Where a benefit is payrolled, the employer must also provide the employee with a benefit statement at the end of the tax year, no later than 1 June, outlining the value of the benefit and the amount that has been subject to tax.

With the above outlined limitations, particularly the fact that Class 1A compliance hasn’t been streamlined and that the benefit statement sounds like a P11D by another name (albeit with an earlier deadline), you begin to see why employers are not signing up for payrolling benefits.

So, who does payrolling benefits actually benefit? I doubt for most employers there is any significant compliance saving to be had, except for the fact form P46(car) no longer has to be filed if the car benefit is payrolled.

As far as I can see, the only winner here is the people responsible for receiving, cataloguing and reviewing the completed form P11Ds… HMRC!

In implementing payrolling of benefits in kind in such a way that employers do not see the benefit in signing up for it, HMRC has missed a golden opportunity.

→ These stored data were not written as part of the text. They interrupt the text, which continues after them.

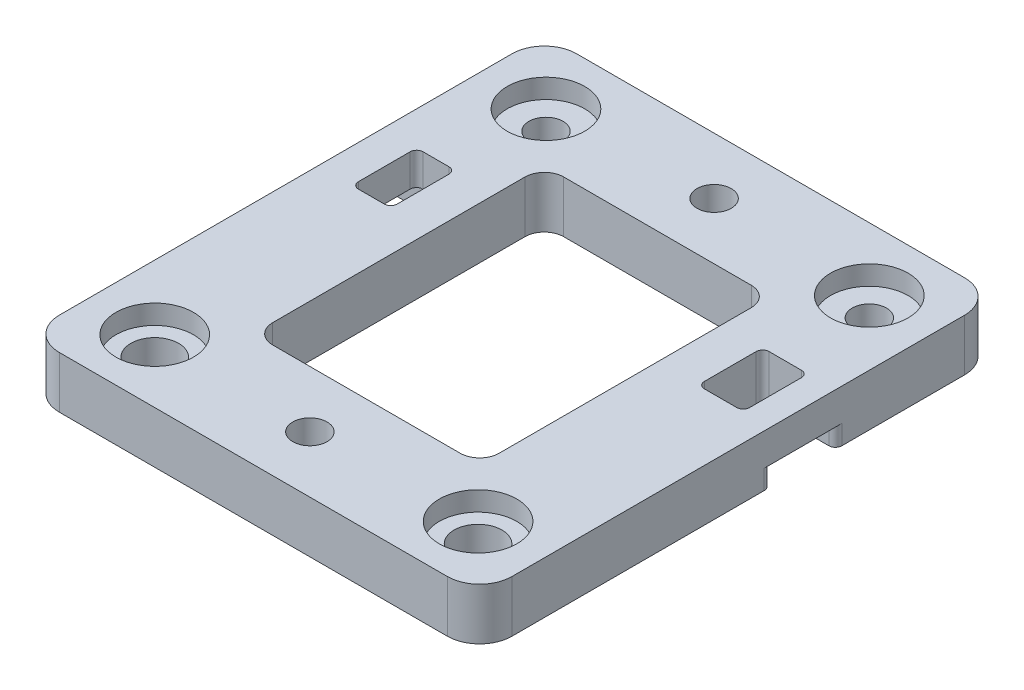
from build123d import *

# Parameters (mm, degrees)
CROQUIS1_R              = 6
CROQUIS1_R_2            = 2.65
SALIENTE_EXTRUIR1_DEPTH = 8
CROQUIS1_4_R            = 6
CROQUIS1_4_R_2          = 3.7
CROQUIS1_4_R_3          = 2.65
SALIENTE_EXTRUIR2_DEPTH = 5
CROQUIS1_6_R            = 3.7
CROQUIS1_6_R_2          = 2.65
CORTAR_EXTRUIR1_DEPTH   = 5
CORTAR_EXTRUIR2_DEPTH   = 3


with BuildPart() as part:
    # Croquis1 → Saliente-Extruir1 (new body)
    with BuildSketch(Plane(origin=(0, 0, 0), x_dir=(1, 0, 0), z_dir=(0, 1, 0))):
        with BuildLine():
            Line((-35, 35), (-35, -35))
            ThreePointArc((-35, -35), (-33.535533906, -38.535533906), (-30, -40))
            Line((-30, -40), (30, -40))
            ThreePointArc((30, -40), (33.535533906, -38.535533906), (35, -35))
            Line((35, -35), (35, 35))
            ThreePointArc((35, 35), (33.535533906, 38.535533906), (30, 40))
            Line((30, 40), (-30, 40))
            ThreePointArc((-30, 40), (-33.535533906, 38.535533906), (-35, 35))
        make_face()
        with Locations((-24.99964, -30.24738)):
            Circle(CROQUIS1_R, mode=Mode.SUBTRACT)
        with Locations((0, -31.2526)):
            Circle(CROQUIS1_R_2, mode=Mode.SUBTRACT)
        with Locations((24.99964, -30.24738)):
            Circle(CROQUIS1_R, mode=Mode.SUBTRACT)
        with BuildLine():
            ThreePointArc((-29.75, 14), (-29.457106781, 14.707106781), (-28.75, 15))
            Line((-28.75, 15), (-24.75, 15))
            ThreePointArc((-24.75, 15), (-24.042893219, 14.707106781), (-23.75, 14))
            Line((-23.75, 14), (-23.75, 6))
            ThreePointArc((-23.75, 6), (-24.042893219, 5.292893219), (-24.75, 5))
            Line((-24.75, 5), (-28.75, 5))
            ThreePointArc((-28.75, 5), (-29.457106781, 5.292893219), (-29.75, 6))
            Line((-29.75, 6), (-29.75, 14))
        make_face(mode=Mode.SUBTRACT)
        with Locations((-24.99964, 30.25392)):
            Circle(CROQUIS1_R, mode=Mode.SUBTRACT)
        with BuildLine():
            Line((14.5, -22.5), (-14.5, -22.5))
            ThreePointArc((-14.5, -22.5), (-16.621320344, -21.621320344), (-17.5, -19.5))
            Line((-17.5, -19.5), (-17.5, 19.5))
            ThreePointArc((-17.5, 19.5), (-16.621320344, 21.621320344), (-14.5, 22.5))
            Line((-14.5, 22.5), (14.5, 22.5))
            ThreePointArc((14.5, 22.5), (16.621320344, 21.621320344), (17.5, 19.5))
            Line((17.5, 19.5), (17.5, -19.5))
            ThreePointArc((17.5, -19.5), (16.621320344, -21.621320344), (14.5, -22.5))
        make_face(mode=Mode.SUBTRACT)
        with BuildLine():
            ThreePointArc((23.75, 14), (24.042893219, 14.707106781), (24.75, 15))
            Line((24.75, 15), (29.75, 15))
            ThreePointArc((29.75, 15), (30.457106781, 14.707106781), (30.75, 14))
            Line((30.75, 14), (30.75, 6))
            ThreePointArc((30.75, 6), (30.457106781, 5.292893219), (29.75, 5))
            Line((29.75, 5), (24.75, 5))
            ThreePointArc((24.75, 5), (24.042893219, 5.292893219), (23.75, 6))
            Line((23.75, 6), (23.75, 14))
        make_face(mode=Mode.SUBTRACT)
        with Locations((0, 31.2526)):
            Circle(CROQUIS1_R_2, mode=Mode.SUBTRACT)
        with Locations((24.99964, 30.25392)):
            Circle(CROQUIS1_R, mode=Mode.SUBTRACT)
    extrude(amount=SALIENTE_EXTRUIR1_DEPTH)

    # Croquis1_4 → Saliente-Extruir2 (add)
    # profile 1 of 4: a face of its own
    with BuildSketch(Plane(origin=(0, 0, 0), x_dir=(1, 0, 0), z_dir=(0, 1, 0))):
        with Locations((-24.99964, -30.24738)):
            Circle(CROQUIS1_4_R)
        with Locations((-24.99964, -30.24738)):
            Circle(CROQUIS1_4_R_2, mode=Mode.SUBTRACT)
    # profile 2 of 4: a face of its own
    with BuildSketch(Plane(origin=(0, 0, 0), x_dir=(1, 0, 0), z_dir=(0, 1, 0))):
        with Locations((-24.99964, 30.25392)):
            Circle(CROQUIS1_4_R)
        with Locations((-24.99964, 30.25392)):
            Circle(CROQUIS1_4_R_3, mode=Mode.SUBTRACT)
    # profile 3 of 4: a face of its own
    with BuildSketch(Plane(origin=(0, 0, 0), x_dir=(1, 0, 0), z_dir=(0, 1, 0))):
        with Locations((24.99964, -30.24738)):
            Circle(CROQUIS1_4_R)
    # profile 4 of 4: a face of its own
    with BuildSketch(Plane(origin=(0, 0, 0), x_dir=(1, 0, 0), z_dir=(0, 1, 0))):
        with Locations((24.99964, 30.25392)):
            Circle(CROQUIS1_4_R)
    extrude(amount=SALIENTE_EXTRUIR2_DEPTH)

    # Croquis1_6 → Cortar-Extruir1 (cut)
    with BuildSketch(Plane(origin=(0, 0, 0), x_dir=(1, 0, 0), z_dir=(0, 1, 0))):
        with Locations((24.99964, -30.24738)):
            Circle(CROQUIS1_6_R)
        with Locations((24.99964, 30.25392)):
            Circle(CROQUIS1_6_R_2)
    extrude(amount=CORTAR_EXTRUIR1_DEPTH, mode=Mode.SUBTRACT)

    # Croquis3 → Cortar-Extruir2 (cut)
    with BuildSketch(Plane.XZ):
        with BuildLine():
            Line((-35, -4), (-35, -16))
            ThreePointArc((-35, -16), (-34.707106781, -15.292893219), (-34, -15))
            Line((-34, -15), (-28.75, -15))
            Line((-28.75, -15), (-28.75, -5))
            Line((-28.75, -5), (-34, -5))
            ThreePointArc((-34, -5), (-34.707106781, -4.707106781), (-35, -4))
        make_face()
        with BuildLine():
            Line((35, -4), (35, -16))
            ThreePointArc((35, -16), (34.707106781, -15.292893219), (34, -15))
            Line((34, -15), (29.75, -15))
            Line((29.75, -15), (29.75, -5))
            Line((29.75, -5), (34, -5))
            ThreePointArc((34, -5), (34.707106781, -4.707106781), (35, -4))
        make_face()
    extrude(amount=-CORTAR_EXTRUIR2_DEPTH, mode=Mode.SUBTRACT)


solid = part.part

Taking a bit more time to ensure the benefit reporting process works for HMRC and employers alike, the take up by employers would be much greater and in turn, the volume of P11Ds received by HMRC significantly reduced.

Failing to consider how the implementation would impact employers, I suspect that HMRC will have achieved very little in its own compliance savings, and I look forward to HMRC publishing figures on how many employers have actually taken up the option.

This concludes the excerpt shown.